**Records excerpted from a collection:**
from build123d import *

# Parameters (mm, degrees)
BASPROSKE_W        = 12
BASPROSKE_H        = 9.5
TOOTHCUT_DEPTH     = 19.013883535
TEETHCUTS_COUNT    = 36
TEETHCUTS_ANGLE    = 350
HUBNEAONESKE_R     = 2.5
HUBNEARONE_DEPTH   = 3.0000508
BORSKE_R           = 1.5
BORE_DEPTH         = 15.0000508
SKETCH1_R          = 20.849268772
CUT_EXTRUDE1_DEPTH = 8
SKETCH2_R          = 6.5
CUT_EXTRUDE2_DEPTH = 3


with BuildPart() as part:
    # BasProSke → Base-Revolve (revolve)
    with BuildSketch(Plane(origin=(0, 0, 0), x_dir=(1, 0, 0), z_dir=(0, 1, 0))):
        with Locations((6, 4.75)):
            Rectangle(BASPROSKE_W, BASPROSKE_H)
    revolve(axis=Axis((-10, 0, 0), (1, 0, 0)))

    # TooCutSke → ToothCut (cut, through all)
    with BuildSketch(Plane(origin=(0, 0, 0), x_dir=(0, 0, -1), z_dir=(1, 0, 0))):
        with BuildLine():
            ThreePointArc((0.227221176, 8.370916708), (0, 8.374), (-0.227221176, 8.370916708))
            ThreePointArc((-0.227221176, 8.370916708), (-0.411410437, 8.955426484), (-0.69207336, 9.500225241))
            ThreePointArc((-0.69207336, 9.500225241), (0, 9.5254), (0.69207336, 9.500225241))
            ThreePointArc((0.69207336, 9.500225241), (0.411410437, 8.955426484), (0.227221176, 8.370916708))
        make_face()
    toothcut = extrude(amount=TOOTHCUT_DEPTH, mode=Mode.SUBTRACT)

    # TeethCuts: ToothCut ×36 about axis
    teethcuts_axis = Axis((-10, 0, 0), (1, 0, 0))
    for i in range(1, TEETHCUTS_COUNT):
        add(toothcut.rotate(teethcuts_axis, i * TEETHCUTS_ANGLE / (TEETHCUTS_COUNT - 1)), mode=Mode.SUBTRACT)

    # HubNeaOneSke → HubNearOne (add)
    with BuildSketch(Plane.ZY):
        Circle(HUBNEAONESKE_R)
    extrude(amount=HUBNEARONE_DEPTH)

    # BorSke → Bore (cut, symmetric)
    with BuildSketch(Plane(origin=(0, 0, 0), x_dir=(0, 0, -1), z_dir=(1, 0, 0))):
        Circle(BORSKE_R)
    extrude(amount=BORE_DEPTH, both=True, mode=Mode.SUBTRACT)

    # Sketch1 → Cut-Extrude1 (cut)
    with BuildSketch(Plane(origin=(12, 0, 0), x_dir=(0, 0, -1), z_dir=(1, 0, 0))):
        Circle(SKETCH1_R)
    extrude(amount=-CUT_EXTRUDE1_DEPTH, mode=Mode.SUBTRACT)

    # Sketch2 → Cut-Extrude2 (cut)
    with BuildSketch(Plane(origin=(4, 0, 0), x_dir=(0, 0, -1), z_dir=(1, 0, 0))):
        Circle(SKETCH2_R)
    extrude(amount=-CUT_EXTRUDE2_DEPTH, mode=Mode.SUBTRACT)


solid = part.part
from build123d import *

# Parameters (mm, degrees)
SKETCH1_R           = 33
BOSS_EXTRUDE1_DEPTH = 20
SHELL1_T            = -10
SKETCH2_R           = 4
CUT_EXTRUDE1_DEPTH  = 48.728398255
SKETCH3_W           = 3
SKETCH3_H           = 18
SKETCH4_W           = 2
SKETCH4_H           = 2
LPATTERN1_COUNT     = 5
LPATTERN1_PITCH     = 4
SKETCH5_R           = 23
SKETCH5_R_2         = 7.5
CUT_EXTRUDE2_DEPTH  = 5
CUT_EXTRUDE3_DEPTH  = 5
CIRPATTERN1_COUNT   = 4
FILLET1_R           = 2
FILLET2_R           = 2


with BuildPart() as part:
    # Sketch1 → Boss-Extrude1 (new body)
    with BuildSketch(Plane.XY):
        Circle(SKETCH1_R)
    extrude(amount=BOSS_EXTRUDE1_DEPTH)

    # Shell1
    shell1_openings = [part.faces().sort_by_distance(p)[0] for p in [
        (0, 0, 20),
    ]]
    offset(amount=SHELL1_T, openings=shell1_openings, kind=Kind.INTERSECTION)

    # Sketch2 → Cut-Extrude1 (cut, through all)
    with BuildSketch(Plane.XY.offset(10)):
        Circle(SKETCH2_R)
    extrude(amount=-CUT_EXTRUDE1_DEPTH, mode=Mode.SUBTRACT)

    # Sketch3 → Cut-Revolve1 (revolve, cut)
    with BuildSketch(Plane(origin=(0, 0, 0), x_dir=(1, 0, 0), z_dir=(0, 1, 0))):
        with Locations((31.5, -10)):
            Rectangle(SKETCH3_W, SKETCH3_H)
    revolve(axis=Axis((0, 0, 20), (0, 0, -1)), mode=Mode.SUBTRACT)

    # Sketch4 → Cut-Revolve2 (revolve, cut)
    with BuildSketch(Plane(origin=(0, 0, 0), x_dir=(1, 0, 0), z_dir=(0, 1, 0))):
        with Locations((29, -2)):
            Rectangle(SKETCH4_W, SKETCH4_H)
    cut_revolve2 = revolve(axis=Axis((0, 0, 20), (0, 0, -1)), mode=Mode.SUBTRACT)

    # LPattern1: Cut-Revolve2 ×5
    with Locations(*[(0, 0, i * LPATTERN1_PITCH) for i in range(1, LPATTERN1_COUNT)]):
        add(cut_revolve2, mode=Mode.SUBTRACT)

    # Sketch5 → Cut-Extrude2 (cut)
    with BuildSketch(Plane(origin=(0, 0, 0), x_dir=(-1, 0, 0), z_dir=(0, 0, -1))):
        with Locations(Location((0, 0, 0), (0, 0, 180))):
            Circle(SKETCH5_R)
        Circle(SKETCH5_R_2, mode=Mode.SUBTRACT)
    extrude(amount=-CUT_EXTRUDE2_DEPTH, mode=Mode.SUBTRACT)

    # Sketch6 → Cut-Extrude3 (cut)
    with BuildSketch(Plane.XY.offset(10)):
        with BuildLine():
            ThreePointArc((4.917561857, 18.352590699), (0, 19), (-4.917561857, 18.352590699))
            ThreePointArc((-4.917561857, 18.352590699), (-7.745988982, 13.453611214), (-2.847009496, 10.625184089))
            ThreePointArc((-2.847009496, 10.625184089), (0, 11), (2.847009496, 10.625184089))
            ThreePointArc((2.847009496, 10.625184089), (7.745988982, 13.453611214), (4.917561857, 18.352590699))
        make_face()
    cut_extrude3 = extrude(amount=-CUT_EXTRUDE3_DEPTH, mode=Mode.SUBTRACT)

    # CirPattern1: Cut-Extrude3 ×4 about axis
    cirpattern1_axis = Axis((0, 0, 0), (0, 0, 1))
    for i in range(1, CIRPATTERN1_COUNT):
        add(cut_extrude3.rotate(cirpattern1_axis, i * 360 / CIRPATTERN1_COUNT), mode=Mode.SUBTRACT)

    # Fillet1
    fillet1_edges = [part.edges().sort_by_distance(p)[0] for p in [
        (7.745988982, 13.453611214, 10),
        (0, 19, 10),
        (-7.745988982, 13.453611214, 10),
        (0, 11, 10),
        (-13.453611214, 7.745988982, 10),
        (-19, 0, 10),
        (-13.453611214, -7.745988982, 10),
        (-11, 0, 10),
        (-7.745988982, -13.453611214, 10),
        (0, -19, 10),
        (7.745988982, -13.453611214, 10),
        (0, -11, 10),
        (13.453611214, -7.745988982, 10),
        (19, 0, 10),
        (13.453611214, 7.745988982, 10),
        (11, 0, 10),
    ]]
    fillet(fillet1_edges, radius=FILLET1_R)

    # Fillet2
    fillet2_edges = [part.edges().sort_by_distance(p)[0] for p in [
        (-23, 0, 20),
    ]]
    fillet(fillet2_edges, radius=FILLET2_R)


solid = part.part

**What you will do:** Of the entries above, transcribe exactly those lines that fall between the line containing "# BasProSke → Base-Revolve (revolve)" and the line containing "8.955426484), (-0.69207336, 9.500225241))", together with those two lines.

**Response to the exercise:**
    # BasProSke → Base-Revolve (revolve)
    with BuildSketch(Plane(origin=(0, 0, 0), x_dir=(1, 0, 0), z_dir=(0, 1, 0))):
        with Locations((6, 4.75)):
            Rectangle(BASPROSKE_W, BASPROSKE_H)
    revolve(axis=Axis((-10, 0, 0), (1, 0, 0)))

    # TooCutSke → ToothCut (cut, through all)
    with BuildSketch(Plane(origin=(0, 0, 0), x_dir=(0, 0, -1), z_dir=(1, 0, 0))):
        with BuildLine():
            ThreePointArc((0.227221176, 8.370916708), (0, 8.374), (-0.227221176, 8.370916708))
            ThreePointArc((-0.227221176, 8.370916708), (-0.411410437, 8.955426484), (-0.69207336, 9.500225241))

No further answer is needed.